Building capacity for a tobacco-free world

July 12-15, 2006, Washington, DC, USA

Thursday, July 13, 2006 - 12:00 PM

Short Term Effects of Smoking Cessation on Blood Antioxidant Parameters and Paraoxonase Activity in Healthy, Asymptomatic Long-Term Cigarette Smokers

Berrin Imge Erguder, MD, PhD1, Toker Erguder, PhD2, Ceylan Ozkan, MD3, Nergiz Bozkurt3, Kazim Soylu1, Erdinç Devrim1, and Ilker Durak1. (1) Department of Biochemistry, Ankara University School of Medicine, Ankara Universitesi Tip Fak. Biyokimya AD Dekanlik Binasi, Sihhiye, Ankara, 06100, Turkey, (2) Mental Health Department of Primary Health Care General Directorate, Substance Dependence Section, Saglik Bakanligi Temel Saglik Hizmetleri Genel Müdürlügü, B Blok Kat 4 Sihhiye, ANKARA, 06340, Turkey, (3) MAN Ankara-Turkey, CUBUK, ANKARA, 06600, Turkey

Objective: The aim of this study was to compare short term effects of smoking cessation on blood oxidant/antioxidant status, lipid peroxidation, lipid/cholesterol levels and paraoxonase activity.

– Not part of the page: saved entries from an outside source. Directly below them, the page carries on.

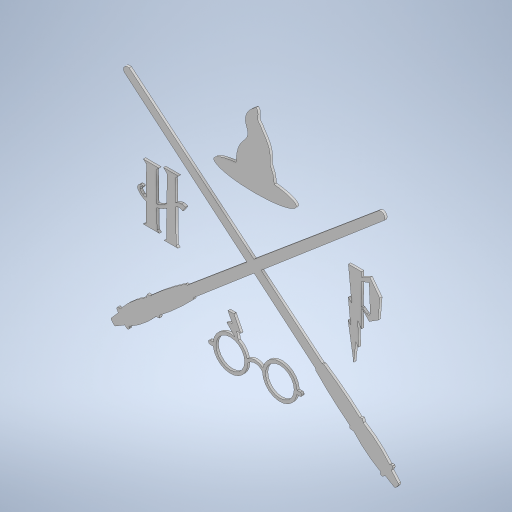
# Autodesk Inventor part: HP cross sign peices
Saved by Autodesk Inventor 2024 (Build 280153000, 153)
## iProperties
Created: 2023-06-06
Part Number: HP cross sign peices
Material: Generic
Document SubType Name: Modeling
Designer: newic
Density: 1 g/cm^3
Appearance: Default
Author: newic
Autodesk Inventor part; units mm, degrees
ref_plane "YZ Plane" through (0, 0, 0) normal (1, 0, 0) x (0, 1, 0)
ref_plane "XZ Plane" through (0, 0, 0) normal (0, 1, 0) x (-1, 0, 0)
ref_plane "XY Plane" through (0, 0, 0) normal (0, 0, 1) x (1, 0, 0)
sketch "Sketch1" plane through (0, 0, 0) normal (0, 0, 1) x (1, 0, 0)
  line L0 (50.8, 0) -> (355.6, 0)
  line L1 (406.4, 50.8) -> (406.4, 355.6)
  line L2 (355.6, 406.4) -> (50.8, 406.4)
  line L3 (0, 355.6) -> (0, 50.8)
  line L4 (-614.419348, 544.235047) -> (888.726493, 544.235047) construction
  line L5 (888.726493, 544.235047) -> (888.726493, -583.124441) construction
  line L6 (888.726493, -583.124441) -> (-614.419348, -583.124441) construction
  line L7 (-614.419348, -583.124441) -> (-614.419348, 544.235047) construction
  line L8 (6.363818, 43.79595) -> (9.763503, 39.85729)
  line L9 (12.196347, 39.474947) -> (24.470176, 46.948616)
  line L10 (24.470176, 46.948616) -> (27.553601, 44.522314)
  line L11 (29.72239, 44.392306) -> (30.075019, 44.607026)
  line L12 (30.938043, 46.672901) -> (30.552839, 48.300319)
  arc A0 (30.552839, 48.300319) -> (68.057484, 78.865401) centre (-37.470935, 170.060789) ccw
  arc A1 (68.057484, 78.865401) -> (72.898915, 79.406809) centre (69.41099, 88.679409) ccw
  arc A2 (72.898915, 79.406809) -> (72.898915, 82.717894) centre (67.457972, 81.062352) ccw
  arc A3 (72.898915, 82.717894) -> (119.938243, 125.239443) centre (-186.405748, 416.852181) ccw
  arc A4 (119.938243, 125.239443) -> (119.938243, 127.366674) centre (115.200777, 126.303058) ccw
  arc A5 (383.588883, 351.74213) -> (376.499139, 359.921937) centre (378.691736, 354.659966) ccw
  line L13 (6.368301, 46.290626) -> (15.835186, 57.178989)
  line L14 (15.835186, 57.178989) -> (13.961148, 60.626079)
  line L15 (14.197196, 62.7859) -> (14.468084, 63.097463)
  line L16 (16.64955, 63.601304) -> (18.189169, 62.948274)
  arc A6 (54.618428, 94.787427) -> (18.189169, 62.948274) centre (126.797058, -24.556995) ccw
  arc A7 (55.965181, 99.469183) -> (54.618428, 94.787427) centre (64.52036, 94.473621) ccw
  arc A8 (59.229243, 98.913144) -> (55.965181, 99.469183) centre (56.683501, 93.827491) ccw
  arc A9 (109.046352, 138.143695) -> (59.229243, 98.913144) centre (345.072656, -212.820994) ccw
  arc A10 (111.143373, 137.786464) -> (109.046352, 138.143695) centre (109.299288, 133.294893) ccw
  arc A11 (383.535154, 351.737832) -> (376.60786, 360.012951) centre (378.661869, 354.695351) ccw
  arc A12 (27.553601, 44.522314) -> (29.72239, 44.392306) centre (28.731635, 46.019399) ccw
  arc A13 (9.763503, 39.85729) -> (12.196347, 39.474947) centre (11.205592, 41.10204) ccw
  arc A14 (6.368301, 46.290626) -> (6.363818, 43.79595) centre (7.805907, 45.0407) ccw
  arc A15 (14.197196, 62.7859) -> (13.961148, 60.626079) centre (15.634801, 61.535974) ccw
  arc A16 (16.64955, 63.601304) -> (14.468084, 63.097463) centre (15.90569, 61.847537) ccw
  arc A17 (30.075019, 44.607026) -> (30.938043, 46.672901) centre (29.084264, 46.234118) ccw
  line L17 (399.519466, 39.849724) -> (402.80794, 43.881702)
  line L18 (402.762015, 46.343978) -> (393.27056, 57.133552)
  line L19 (393.27056, 57.133552) -> (395.12457, 60.591456)
  line L20 (394.875997, 62.749871) -> (394.603305, 63.059857)
  line L21 (392.418953, 63.551035) -> (390.883149, 62.889085)
  arc A18 (390.883149, 62.889085) -> (354.269806, 94.516378) centre (282.784699, -25.244739) ccw
  arc A19 (354.269806, 94.516378) -> (352.895917, 99.190243) centre (344.369861, 94.145137) ccw
  arc A20 (352.895917, 99.190243) -> (349.635135, 98.615279) centre (352.210336, 93.544479) ccw
  arc A21 (349.635135, 98.615279) -> (299.591291, 137.556184) centre (65.604881, -214.771773) ccw
  arc A22 (299.591291, 137.556184) -> (297.496377, 137.186795) centre (299.366486, 132.705996) ccw
  arc A23 (340.923339, 78.516662) -> (378.604658, 48.169656) centre (445.920964, 170.322678) ccw
  line L22 (384.69506, 46.853261) -> (381.625761, 44.409113)
  line L23 (397.061911, 39.420944) -> (384.69506, 46.853261)
  line L24 (379.457764, 44.266526) -> (379.103895, 44.479196)
  line L25 (378.228901, 46.54003) -> (378.604658, 48.169656)
  arc A24 (336.078849, 79.029976) -> (340.923339, 78.516662) centre (339.512925, 88.322652) ccw
  arc A25 (336.059641, 82.341005) -> (336.078849, 79.029976) centre (341.510096, 80.717053) ccw
  arc A26 (288.77444, 124.588966) -> (336.059641, 82.341005) centre (593.42165, 417.973879) ccw
  arc A27 (288.7621, 126.716161) -> (288.77444, 124.588966) centre (293.505656, 125.680045) ccw
  arc A28 (30.856483, 357.779219) -> (23.814309, 349.558422) centre (28.694447, 352.504618) ccw
  arc A29 (395.12457, 60.591456) -> (394.875997, 62.749871) centre (393.445666, 61.491627) ccw
  arc A30 (402.80794, 43.881702) -> (402.762015, 46.343978) centre (401.331684, 45.085734) ccw
  arc A31 (397.061911, 39.420944) -> (399.519466, 39.849724) centre (398.04321, 41.053756) ccw
  arc A32 (379.457764, 44.266526) -> (381.625761, 44.409113) centre (380.439063, 45.899338) ccw
  arc A33 (378.228901, 46.54003) -> (379.103895, 44.479196) centre (380.085194, 46.112009) ccw
  arc A34 (394.603305, 63.059857) -> (392.418953, 63.551035) centre (393.172975, 61.801613) ccw
  line L26 (401.147574, 41.845938) -> (389.574066, 107.482563) construction
  line L27 (321.553196, 108.082514) -> (389.468279, 108.082514) construction
  circle A35 centre (170.75121, 85.859958) radius 19.77729
  circle A36 centre (239.095683, 86.367375) radius 19.77729
  arc A37 (215.16651, 86.367375) -> (194.675003, 86.367375) centre (204.920756, 78.710251) ccw
  arc A38 (215.689784, 91.344244) -> (194.061536, 91.266807) centre (204.920756, 78.710251) ccw
  line L28 (269.404649, 85.988013) -> (269.404649, 84.655093)
  line L29 (140.68774, 84.655093) -> (140.68774, 85.988013)
  line L30 (267.499649, 82.750093) -> (262.749871, 82.750093)
  line L31 (147.024978, 82.750093) -> (142.59274, 82.750093)
  line L32 (142.59274, 87.893013) -> (146.908559, 87.893013)
  line L33 (262.976172, 87.893013) -> (267.499649, 87.893013)
  arc A39 (142.59274, 87.893013) -> (140.68774, 85.988013) centre (142.59274, 85.988013) ccw
  arc A40 (140.68774, 84.655093) -> (142.59274, 82.750093) centre (142.59274, 84.655093) ccw
  arc A41 (267.499649, 82.750093) -> (269.404649, 84.655093) centre (267.499649, 84.655093) ccw
  arc A42 (269.404649, 85.988013) -> (267.499649, 87.893013) centre (267.499649, 85.988013) ccw
  line L34 (176.805781, 109.010498) -> (165.933338, 120.455956)
  line L35 (173.368384, 123.688879) -> (167.378721, 135.467811)
  line L36 (167.60513, 135.836942) -> (175.47758, 135.836942)
  line L37 (175.703989, 135.698072) -> (185.025768, 117.366391)
  line L38 (184.799359, 116.99726) -> (179.672528, 116.99726)
  line L39 (179.426041, 116.681942) -> (181.815289, 107.077674)
  line L40 (166.035192, 120.871189) -> (173.224277, 123.333452)
  arc A43 (166.035192, 120.871189) -> (165.933338, 120.455956) centre (166.117494, 120.630892) ccw
  arc A44 (179.672528, 116.99726) -> (179.426041, 116.681942) centre (179.672528, 116.74326) ccw
  arc A45 (173.224277, 123.333452) -> (173.368384, 123.688879) centre (173.141975, 123.573749) ccw
  arc A46 (184.799359, 116.99726) -> (185.025768, 117.366391) centre (184.799359, 117.25126) ccw
  arc A47 (175.703989, 135.698072) -> (175.47758, 135.836942) centre (175.47758, 135.582942) ccw
  arc A48 (167.60513, 135.836942) -> (167.378721, 135.467811) centre (167.60513, 135.582942) ccw
  line L41 (79.178486, 175.528718) -> (98.216612, 175.528718)
  line L42 (98.216612, 175.528718) -> (95.757723, 177.666599)
  line L43 (79.178486, 175.528718) -> (82.322522, 178.515348)
  line L44 (83.401566, 257.118075) -> (78.414715, 262.36775)
  line L45 (78.414715, 262.36775) -> (99.063012, 262.36775)
  line L46 (99.063012, 262.36775) -> (94.659721, 258.18491)
  arc A49 (104.876764, 223.458347) -> (95.13125, 223.606943) centre (99.925457, 218.381083) ccw
  arc A50 (103.246066, 231.262323) -> (95.066939, 228.322925) centre (103.717194, 217.10211) ccw
  arc A51 (109.046352, 230.12172) -> (103.246066, 231.262323) centre (102.604733, 212.682614) ccw
  line L47 (104.876764, 223.458347) -> (109.046352, 230.12172)
  arc A52 (68.934077, 213.993149) -> (82.910758, 221.36528) centre (58.833092, 250.078534) ccw
  arc A53 (69.00456, 209.415023) -> (82.833167, 215.713199) centre (58.833092, 250.078534) ccw
  line L48 (68.309171, 254.582837) -> (71.925781, 258.465439)
  line L49 (71.925781, 258.465439) -> (50.439964, 258.597904)
  line L50 (50.439964, 258.597904) -> (54.618428, 254.705701)
  line L51 (54.180223, 183.62886) -> (50.217049, 180.722268)
  line L52 (50.217049, 180.722268) -> (72.473079, 180.585054)
  line L53 (72.473079, 180.585054) -> (69.41099, 183.016097)
  arc A54 (49.876677, 216.000145) -> (54.372837, 214.870815) centre (53.327561, 220.224164) ccw
  arc A55 (46.111078, 220.518863) -> (49.876677, 216.000145) centre (54.303486, 223.517512) ccw
  arc A56 (46.539208, 223.606943) -> (46.111078, 220.518863) centre (48.44907, 221.768443) ccw
  arc A57 (49.303504, 223.746898) -> (46.539208, 223.606943) centre (48.03713, 221.390233) ccw
  arc A58 (50.495329, 225.859285) -> (49.303504, 223.746898) centre (51.842309, 223.706896) ccw
  arc A59 (50.495329, 225.859285) -> (46.539208, 226.329877) centre (48.121838, 222.770318) ccw
  arc A60 (46.539208, 226.329877) -> (42.629235, 222.901423) centre (48.780718, 219.829765) ccw
  arc A61 (42.629235, 222.901423) -> (44.2476, 216.93411) centre (48.159437, 221.198131) ccw
  arc A62 (44.2476, 216.93411) -> (54.343434, 210.101637) centre (58.241765, 226.737074) ccw
  ellipse E0 centre (204.861319, 307.520258) end of major axis (261.987782, 307.520258) minor radius 12.590113 (178.424158, 318.681034) -> (231.29848, 318.681034) ccw
  spline S0 degree 4 poles (178.424158, 318.681034) (179.286467, 323.908779) (178.746893, 329.903111) (181.705459, 341.161729) (188.374596, 349.276888) (192.595103, 353.973206) (195.221019, 358.516301) (195.296154, 364.688161) (192.664089, 369.267258) (190.583011, 375.858216) (192.831333, 385.567134) (196.944916, 391.686323) (204.688734, 396.950297) (206.423918, 398.265857) knots 0 0 0 0 0 0.21195074 0.29434202 0.37160428 0.44319933 0.51142961 0.58048484 0.65260868 0.72741885 0.80713657 1 1 1 1 1
  spline S1 degree 4 poles (231.29848, 318.681034) (230.812293, 323.383734) (230.310579, 325.948758) (229.967534, 332.297352) (225.164417, 337.865291) (225.794617, 343.609489) (225.873041, 348.569917) (225.596308, 353.136069) (224.268791, 359.169129) (219.906128, 368.536889) (215.480963, 372.873287) (212.6971, 379.704121) (210.084613, 381.955148) (208.358926, 383.728321) (209.16421, 389.030713) (208.726826, 393.481301) (209.350832, 395.663281) (206.387951, 397.79334) (206.423918, 398.265857) knots 0 0 0 0 0 0.14868292 0.20666124 0.26562711 0.32344479 0.38253037 0.44758088 0.5167693 0.58902303 0.65607066 0.71151816 0.76312054 0.81115478 0.85814688 0.90611656 1 1 1 1 1
  line L54 (344.02064, 186.46558) -> (341.227275, 160.617354)
  line L55 (341.227275, 160.617354) -> (333.409452, 207.367115)
  line L56 (333.409452, 207.367115) -> (336.992659, 203.165326)
  line L57 (336.992659, 203.165326) -> (333.673251, 234.780696)
  line L58 (333.673251, 234.780696) -> (338.519545, 230.387183)
  line L59 (338.519545, 230.387183) -> (333.891431, 274.467202)
  line L60 (333.891431, 274.467202) -> (352.210336, 274.467202)
  line L61 (352.210336, 274.467202) -> (352.210336, 267.640425)
  line L62 (352.210336, 267.640425) -> (363.576578, 273.420233)
  line L63 (363.576578, 273.420233) -> (377.295, 255.343095)
  line L64 (377.295, 255.343095) -> (374.999674, 227.922054)
  line L65 (374.999674, 227.922054) -> (362.58525, 220.224164)
  line L66 (362.58525, 220.224164) -> (353.775486, 229.691563)
  line L67 (353.775486, 229.691563) -> (351.68678, 229.917285)
  line L68 (351.68678, 229.917285) -> (352.014132, 205.911995)
  line L69 (352.014132, 205.911995) -> (346.906345, 213.168267)
  line L70 (346.906345, 213.168267) -> (347.892244, 181.925607)
  line L71 (347.892244, 181.925607) -> (344.02064, 186.46558)
  line L72 (351.658839, 231.966214) -> (353.63723, 231.752414)
  line L73 (353.63723, 231.752414) -> (359.583199, 227.519206)
  line L74 (359.583199, 227.519206) -> (362.173085, 227.109648)
  line L75 (362.173085, 227.109648) -> (364.249648, 230.605551)
  line L76 (364.249648, 230.605551) -> (362.58525, 266.672272)
  line L77 (362.58525, 266.672272) -> (352.014132, 262.742303)
  line L78 (352.014132, 262.742303) -> (351.658839, 231.966214)
  line L79 (94.659721, 258.18491) -> (95.066939, 228.322925)
  line L80 (95.13125, 223.606943) -> (95.757723, 177.666599)
  line L81 (82.322522, 178.515348) -> (82.833167, 215.713199)
  line L82 (82.910758, 221.36528) -> (83.401566, 257.118075)
  line L83 (69.41099, 183.016097) -> (69.00456, 209.415023)
  line L84 (68.934077, 213.993149) -> (68.309171, 254.582837)
  line L85 (54.618428, 254.705701) -> (54.372837, 214.870815)
  line L86 (54.343434, 210.101637) -> (54.180223, 183.62886)
  line L87 (288.7621, 126.716161) -> (203.469206, 198.4543)
  line L88 (193.5656, 206.784024) -> (23.814309, 349.558422)
  line L89 (111.143373, 137.786464) -> (193.5656, 206.784024)
  line L90 (203.409935, 215.024946) -> (376.60786, 360.012951)
  line L91 (297.496377, 137.186795) -> (213.313238, 206.831897)
  line L92 (203.409935, 215.024946) -> (30.747236, 357.8696)
  line L93 (119.938243, 127.366674) -> (203.469206, 198.4543)
  line L94 (213.313238, 206.831897) -> (383.588883, 351.74213)
  arc A63 (147.024978, 82.750093) -> (194.675003, 86.367375) centre (170.75121, 85.859958) ccw
  arc A64 (194.061536, 91.266807) -> (181.815289, 107.077674) centre (170.75121, 85.859958) ccw
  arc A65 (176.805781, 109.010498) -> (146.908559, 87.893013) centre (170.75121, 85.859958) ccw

Methods: Sixteen healthy, asymptomatic long-term cigarette smokers (mean age: 35±9 years) participated in the study in the smoking cessation program. After and before smoking cessation, subjects were examined for oxidant/antioxidant status, lipid peroxidation, lipid/cholesterol, paraoxonase activity, breath carbon monoxide levels and blood carboxyhaemoglobin values.

Results: When compared to previous values, subjects were revealed statistically significant decreases in the malondialdehyde and carbon monoxide levels after 4 weeks of smoking cessation. HDL (High density lipoprotein) / LDL (Low density lipoprotein) cholesterol ratio was found to be increased. Additionally significantly increased paraoxonase activity was observed in the blood samples obtained after cigarette cessation period. Results suggest that smoking cessation reduces serum lipid peroxidation products and carbon monoxide levels, and increases blood paraoxonase activity and HDL/LDL ratio.